━━━ EXERCISE INPUTS ━━━

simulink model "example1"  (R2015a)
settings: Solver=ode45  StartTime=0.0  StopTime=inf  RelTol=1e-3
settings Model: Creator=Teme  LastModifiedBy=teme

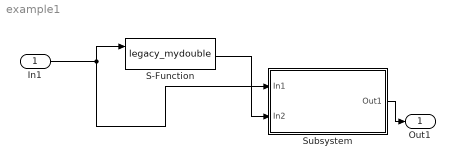
== system example1 ==
  In1 : Inport
  S-Function : S-Function  FunctionName=legacy_mydouble
  Subsystem : Subsystem
  Out1 : Outport
  wires:
  S-Function/1 -> Subsystem/2(In2)
  Subsystem/1(Out1) -> Out1/1
  In1/1 -> Subsystem/1(In1), S-Function/1

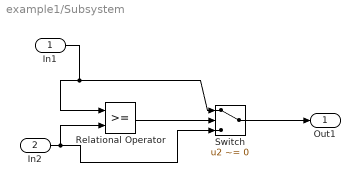
== system example1/Subsystem ==
  In1 : Inport
  In2 : Inport  Port=2
  Relational Operator : RelationalOperator  OutDataTypeStr=boolean
  Switch : Switch  Criteria=u2 ~= 0
  Out1 : Outport
  wires:
  In1/1 -> Relational Operator/1, Switch/1
  In2/1 -> Relational Operator/2, Switch/3
  Relational Operator/1 -> Switch/2
  Switch/1 -> Out1/1

━━━

▶ WHAT YOU SHOULD DO
Using the records above, list each line that includes "Switch".

▶ ANSWER BOX
  Switch : Switch  Criteria=u2 ~= 0
  In1/1 -> Relational Operator/1, Switch/1
  In2/1 -> Relational Operator/2, Switch/3
  Relational Operator/1 -> Switch/2
  Switch/1 -> Out1/1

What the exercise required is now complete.